2017-08-03 by Steve
Most of us will whizz through high school and college believing that we have the world at our feet, only to be disappointed some decades later that our professional lives didn’t turn out as we expected them to. But, what went wrong along the way?
1. A career vision is essential, but so are the accompanying goals.
You want to be a doctor? Fine, go to med school. A pilot? The aviation school beckons. Yes, it appears simple from a superficial standpoint. But when you throw in the fact that a prestigious college degree is not a semblance of a promising career, things get a bit more complicated. A good number of us have an idea of where we envision ourselves to be careerwise in the next ten or so years, but we’ll rarely set accompanying short-term goals. Short term goals don’t have to be anything fancy as per se. There are small, easily achievable but significant milestones that push us to our dream jobs and career placements.
A goal to spend less time online on social media, for example, may appear insignificant at first or without any correlation to one’s dream job. However, if you consider that the average person spend will 55% of their day on social media simply idling around, then you’ll realize that you can salvage an enormous portion of your life by cutting off social media.
2. Adapt early to the fact that there are no lifetime jobs anymore.
Nowadays, reshuffling of management positions, retrenchments, demotions have now become common terms in the corporate world. Thanks to the volatile economy, company heads no longer have to pen lengthy explanations before laying off their workers. They only need to utter some phrases along the lines of “business hasn’t been that good” before the junior employee unwillingly packs and leaves in search of better pastures.
Nonetheless, this can be demoralising especially if you had put in some serious work into getting that job. For those who spent sleepless nights rehearsing for interviews and board presentations, it is easy to despair and sink in self-pity. The brave will go back to school and hone their skills before attempting another stab at the corporate world. The optimistic will apply for a million more interviews and will be lucky if they are even shortlisted for one or two. The pessimistic will sit at home, mad at the world, sulking and wondering why life is so unfair. But the smart will call their old boss, ask him for a few useful contacts and later plead with him to put in a good word for them. Eventually, they will be sailing in the corporate waters again. There are no lifetime jobs anymore. The earlier you come to terms with this, the better.
3. You career choice doesn’t have to match your talent. But it has to be in sync with your passion.
When choosing a career path, especially before or after college, a majority of fresh graduates find themselves at crossroads when it comes down to deciding the career path to follow. Contrary to the common misconception that your career path has to match your talent, you’ll be surprised to know that 90% of the successful people today are not naturally gifted at what they do. Their impeccable skills are a product of many years of polishing, hard work and perseverance. The marketable accountant you see today wasn’t necessarily good in maths, and the flamboyant lawyer wasn’t even a member of their high school’s debating club. So, quit soul-searching or spending long hours ‘fishing’ for talent. As long as you have the passion to match, roll up your sleeves and get to work.

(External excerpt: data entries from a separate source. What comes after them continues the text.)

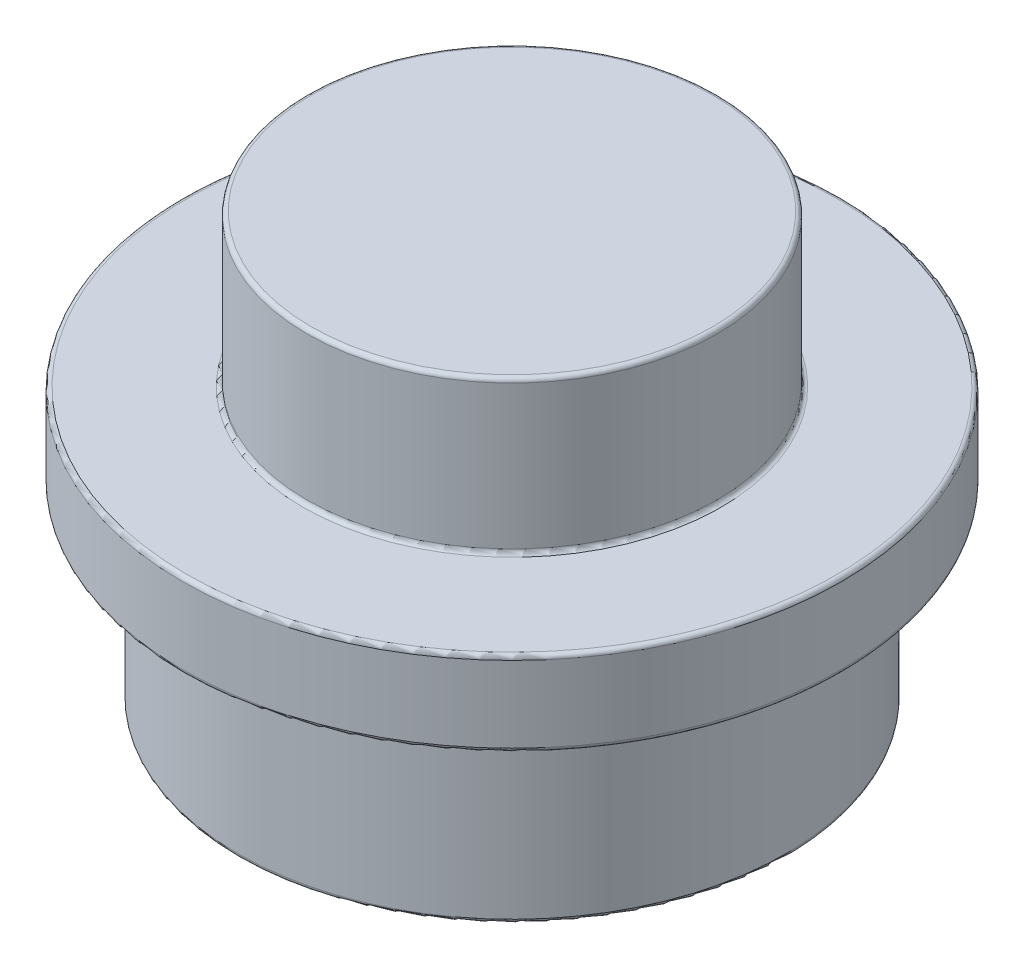
ISO-10303-21;
HEADER;
FILE_DESCRIPTION(('STEP AP214'),'2;1');
FILE_NAME('part.step','',(''),(''),'','','');
FILE_SCHEMA(('AUTOMOTIVE_DESIGN { 1 0 10303 214 1 1 1 1 }'));
ENDSEC;
DATA;
#1=APPLICATION_CONTEXT('core data for automotive mechanical design processes');
#2=APPLICATION_PROTOCOL_DEFINITION('international standard','automotive_design',2000,#1);
#3=PRODUCT_CONTEXT('',#1,'mechanical');
#4=PRODUCT('Part','Part','',(#3));
#5=PRODUCT_RELATED_PRODUCT_CATEGORY('part','',(#4));
#6=PRODUCT_DEFINITION_FORMATION('','',#4);
#7=PRODUCT_DEFINITION_CONTEXT('part definition',#1,'design');
#8=PRODUCT_DEFINITION('design','',#6,#7);
#9=PRODUCT_DEFINITION_SHAPE('','',#8);
#10=(LENGTH_UNIT() NAMED_UNIT(*) SI_UNIT(.MILLI.,.METRE.));
#11=(NAMED_UNIT(*) PLANE_ANGLE_UNIT() SI_UNIT($,.RADIAN.));
#12=(NAMED_UNIT(*) SI_UNIT($,.STERADIAN.) SOLID_ANGLE_UNIT());
#13=UNCERTAINTY_MEASURE_WITH_UNIT(LENGTH_MEASURE(1.E-05),#10,'distance_accuracy_value','');
#14=(GEOMETRIC_REPRESENTATION_CONTEXT(3) GLOBAL_UNCERTAINTY_ASSIGNED_CONTEXT((#13)) GLOBAL_UNIT_ASSIGNED_CONTEXT((#10,
#11,#12)) REPRESENTATION_CONTEXT('',''));
#15=CARTESIAN_POINT('',(0.,0.,0.));
#16=DIRECTION('',(0.,0.,1.));
#17=DIRECTION('',(1.,0.,0.));
#18=AXIS2_PLACEMENT_3D('',#15,#16,#17);
#19=CARTESIAN_POINT('',(0.,0.,0.));
#20=DIRECTION('',(0.,1.,0.));
#21=DIRECTION('',(0.,0.,1.));
#22=AXIS2_PLACEMENT_3D('',#19,#20,#21);
#23=PLANE('',#22);
#24=CARTESIAN_POINT('',(0.,0.,0.));
#25=DIRECTION('',(0.,1.,0.));
#26=DIRECTION('',(0.,0.,1.));
#27=AXIS2_PLACEMENT_3D('',#24,#25,#26);
#28=CIRCLE('',#27,1.74);
#29=CARTESIAN_POINT('',(0.,0.,1.74));
#30=VERTEX_POINT('',#29);
#31=EDGE_CURVE('E86',#30,#30,#28,.T.);
#32=ORIENTED_EDGE('',*,*,#31,.T.);
#33=EDGE_LOOP('',(#32));
#34=FACE_BOUND('',#33,.T.);
#35=CARTESIAN_POINT('',(0.,0.,0.));
#36=DIRECTION('',(0.,1.,0.));
#37=DIRECTION('',(0.,0.,1.));
#38=AXIS2_PLACEMENT_3D('',#35,#36,#37);
#39=CIRCLE('',#38,3.19);
#40=CARTESIAN_POINT('',(0.,0.,3.19));
#41=VERTEX_POINT('',#40);
#42=EDGE_CURVE('E89',#41,#41,#39,.F.);
#43=ORIENTED_EDGE('',*,*,#42,.T.);
#44=EDGE_LOOP('',(#43));
#45=FACE_BOUND('',#44,.T.);
#46=ADVANCED_FACE('F30',(#34,#45),#23,.F.);
#47=CARTESIAN_POINT('',(0.,3.22,0.));
#48=DIRECTION('',(0.,1.,0.));
#49=DIRECTION('',(0.,0.,1.));
#50=AXIS2_PLACEMENT_3D('',#47,#48,#49);
#51=PLANE('',#50);
#52=CARTESIAN_POINT('',(0.,3.22,0.));
#53=DIRECTION('',(0.,1.,0.));
#54=DIRECTION('',(0.,0.,1.));
#55=AXIS2_PLACEMENT_3D('',#52,#53,#54);
#56=CIRCLE('',#55,2.475);
#57=CARTESIAN_POINT('',(0.,3.22,2.475));
#58=VERTEX_POINT('',#57);
#59=EDGE_CURVE('E37',#58,#58,#56,.F.);
#60=ORIENTED_EDGE('',*,*,#59,.T.);
#61=EDGE_LOOP('',(#60));
#62=FACE_BOUND('',#61,.T.);
#63=CARTESIAN_POINT('',(0.,3.22,0.));
#64=DIRECTION('',(0.,1.,0.));
#65=DIRECTION('',(0.,0.,1.));
#66=AXIS2_PLACEMENT_3D('',#63,#64,#65);
#67=CIRCLE('',#66,3.85);
#68=CARTESIAN_POINT('',(0.,3.22,3.85));
#69=VERTEX_POINT('',#68);
#70=EDGE_CURVE('E41',#69,#69,#67,.T.);
#71=ORIENTED_EDGE('',*,*,#70,.T.);
#72=EDGE_LOOP('',(#71));
#73=FACE_BOUND('',#72,.T.);
#74=ADVANCED_FACE('F125',(#62,#73),#51,.T.);
#75=CARTESIAN_POINT('',(0.,3.22,0.));
#76=DIRECTION('',(0.,-1.,0.));
#77=DIRECTION('',(0.,0.,-1.));
#78=AXIS2_PLACEMENT_3D('',#75,#76,#77);
#79=CYLINDRICAL_SURFACE('',#78,3.9);
#80=CARTESIAN_POINT('',(0.,2.27,0.));
#81=DIRECTION('',(0.,1.,0.));
#82=DIRECTION('',(0.,0.,1.));
#83=AXIS2_PLACEMENT_3D('',#80,#81,#82);
#84=CIRCLE('',#83,3.9);
#85=CARTESIAN_POINT('',(0.,2.27,-3.9));
#86=VERTEX_POINT('',#85);
#87=EDGE_CURVE('E59',#86,#86,#84,.T.);
#88=CARTESIAN_POINT('',(0.,3.17,0.));
#89=DIRECTION('',(0.,1.,0.));
#90=DIRECTION('',(0.,0.,1.));
#91=AXIS2_PLACEMENT_3D('',#88,#89,#90);
#92=CIRCLE('',#91,3.9);
#93=CARTESIAN_POINT('',(0.,3.17,-3.9));
#94=VERTEX_POINT('',#93);
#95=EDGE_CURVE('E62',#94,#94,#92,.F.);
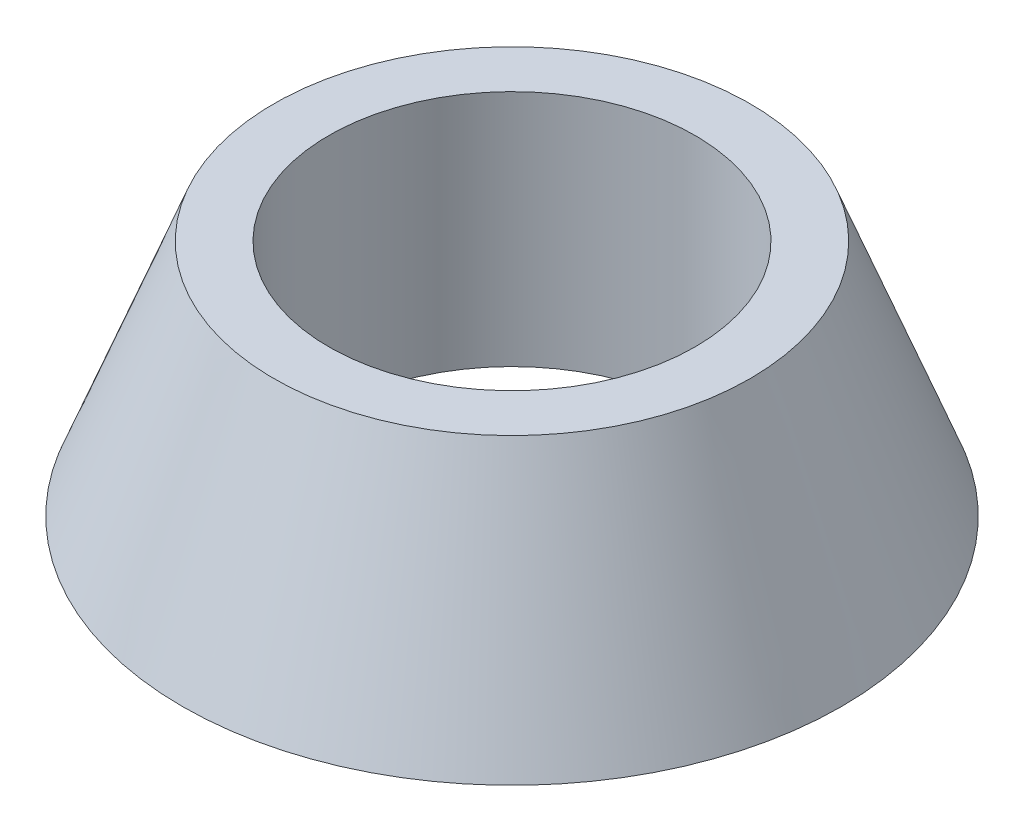
ISO-10303-21;
HEADER;
FILE_DESCRIPTION(('STEP AP214'),'2;1');
FILE_NAME('part.step','',(''),(''),'','','');
FILE_SCHEMA(('AUTOMOTIVE_DESIGN { 1 0 10303 214 1 1 1 1 }'));
ENDSEC;
DATA;
#1=APPLICATION_CONTEXT('core data for automotive mechanical design processes');
#2=APPLICATION_PROTOCOL_DEFINITION('international standard','automotive_design',2000,#1);
#3=PRODUCT_CONTEXT('',#1,'mechanical');
#4=PRODUCT('Part','Part','',(#3));
#5=PRODUCT_RELATED_PRODUCT_CATEGORY('part','',(#4));
#6=PRODUCT_DEFINITION_FORMATION('','',#4);
#7=PRODUCT_DEFINITION_CONTEXT('part definition',#1,'design');
#8=PRODUCT_DEFINITION('design','',#6,#7);
#9=PRODUCT_DEFINITION_SHAPE('','',#8);
#10=(LENGTH_UNIT() NAMED_UNIT(*) SI_UNIT(.MILLI.,.METRE.));
#11=(NAMED_UNIT(*) PLANE_ANGLE_UNIT() SI_UNIT($,.RADIAN.));
#12=(NAMED_UNIT(*) SI_UNIT($,.STERADIAN.) SOLID_ANGLE_UNIT());
#13=UNCERTAINTY_MEASURE_WITH_UNIT(LENGTH_MEASURE(1.E-05),#10,'distance_accuracy_value','');
#14=(GEOMETRIC_REPRESENTATION_CONTEXT(3) GLOBAL_UNCERTAINTY_ASSIGNED_CONTEXT((#13)) GLOBAL_UNIT_ASSIGNED_CONTEXT((#10,
#11,#12)) REPRESENTATION_CONTEXT('',''));
#15=CARTESIAN_POINT('',(0.,0.,0.));
#16=DIRECTION('',(0.,0.,1.));
#17=DIRECTION('',(1.,0.,0.));
#18=AXIS2_PLACEMENT_3D('',#15,#16,#17);
#19=CARTESIAN_POINT('',(9.,0.,0.));
#20=DIRECTION('',(0.,-1.,0.));
#21=DIRECTION('',(1.,0.,0.));
#22=AXIS2_PLACEMENT_3D('',#19,#20,#21);
#23=PLANE('',#22);
#24=CARTESIAN_POINT('',(0.,0.,0.));
#25=DIRECTION('',(0.,1.,0.));
#26=DIRECTION('',(1.,0.,0.));
#27=AXIS2_PLACEMENT_3D('',#24,#25,#26);
#28=CIRCLE('',#27,9.);
#29=CARTESIAN_POINT('',(9.,0.,0.));
#30=VERTEX_POINT('',#29);
#31=EDGE_CURVE('E49',#30,#30,#28,.T.);
#32=ORIENTED_EDGE('',*,*,#31,.F.);
#33=EDGE_LOOP('',(#32));
#34=FACE_BOUND('',#33,.T.);
#35=CARTESIAN_POINT('',(0.,0.,0.));
#36=DIRECTION('',(0.,1.,0.));
#37=DIRECTION('',(1.,0.,0.));
#38=AXIS2_PLACEMENT_3D('',#35,#36,#37);
#39=CIRCLE('',#38,5.);
#40=CARTESIAN_POINT('',(5.,0.,0.));
#41=VERTEX_POINT('',#40);
#42=EDGE_CURVE('E10',#41,#41,#39,.T.);
#43=ORIENTED_EDGE('',*,*,#42,.T.);
#44=EDGE_LOOP('',(#43));
#45=FACE_BOUND('',#44,.T.);
#46=ADVANCED_FACE('F35',(#34,#45),#23,.T.);
#47=CARTESIAN_POINT('',(0.,0.,0.));
#48=DIRECTION('',(0.,-1.,0.));
#49=DIRECTION('',(1.,0.,0.));
#50=AXIS2_PLACEMENT_3D('',#47,#48,#49);
#51=CYLINDRICAL_SURFACE('',#50,5.00000000000001);
#52=ORIENTED_EDGE('',*,*,#42,.F.);
#53=EDGE_LOOP('',(#52));
#54=FACE_BOUND('',#53,.T.);
#55=CARTESIAN_POINT('',(0.,6.49999999999998,0.));
#56=DIRECTION('',(0.,1.,0.));
#57=DIRECTION('',(1.,0.,0.));
#58=AXIS2_PLACEMENT_3D('',#55,#56,#57);
#59=CIRCLE('',#58,5.00000000000002);
#60=CARTESIAN_POINT('',(5.,6.5,0.));
#61=VERTEX_POINT('',#60);
#62=EDGE_CURVE('E41',#61,#61,#59,.T.);
#63=ORIENTED_EDGE('',*,*,#62,.T.);
#64=EDGE_LOOP('',(#63));
#65=FACE_BOUND('',#64,.T.);
#66=ADVANCED_FACE('F58',(#54,#65),#51,.F.);
#67=CARTESIAN_POINT('',(5.,6.5,0.));
#68=DIRECTION('',(0.,1.,0.));
#69=DIRECTION('',(-1.,0.,0.));
#70=AXIS2_PLACEMENT_3D('',#67,#68,#69);
#71=PLANE('',#70);
#72=ORIENTED_EDGE('',*,*,#62,.F.);
#73=EDGE_LOOP('',(#72));
#74=FACE_BOUND('',#73,.T.);
#75=CARTESIAN_POINT('',(0.,6.49999999999998,0.));
#76=DIRECTION('',(0.,1.,0.));
#77=DIRECTION('',(1.,0.,0.));
#78=AXIS2_PLACEMENT_3D('',#75,#76,#77);
#79=CIRCLE('',#78,6.50000000000002);
#80=CARTESIAN_POINT('',(6.5,6.5,0.));
#81=VERTEX_POINT('',#80);
#82=EDGE_CURVE('E45',#81,#81,#79,.T.);
#83=ORIENTED_EDGE('',*,*,#82,.T.);
#84=EDGE_LOOP('',(#83));
#85=FACE_BOUND('',#84,.T.);
#86=ADVANCED_FACE('F62',(#74,#85),#71,.T.);
#87=CARTESIAN_POINT('',(0.,0.,0.));
#88=DIRECTION('',(0.,-1.,0.));
#89=DIRECTION('',(1.,0.,0.));
#90=AXIS2_PLACEMENT_3D('',#87,#88,#89);
#91=CONICAL_SURFACE('',#90,9.,0.367173833818216);
#92=ORIENTED_EDGE('',*,*,#82,.F.);
#93=EDGE_LOOP('',(#92));
#94=FACE_BOUND('',#93,.T.);
#95=ORIENTED_EDGE('',*,*,#31,.T.);
#96=EDGE_LOOP('',(#95));
#97=FACE_BOUND('',#96,.T.);
#98=ADVANCED_FACE('F55',(#94,#97),#91,.T.);
#99=CLOSED_SHELL('',(#46,#66,#86,#98));
#100=MANIFOLD_SOLID_BREP('B2',#99);
#101=ADVANCED_BREP_SHAPE_REPRESENTATION('',(#18,#100),#14);
#102=SHAPE_DEFINITION_REPRESENTATION(#9,#101);
ENDSEC;
END-ISO-10303-21;

4. Practical and hands-on experience can be valuable than academic qualifications.
As much as degrees and diplomas are important, most of the time, a few years of relevant experience appears more attractive on a resume/ CV than stellar grades. If even gets better if you have both. So instead of spending decades upon decades in school pursuing MBAs, consider venturing into the real world and spice your classroom knowledge with practical skills.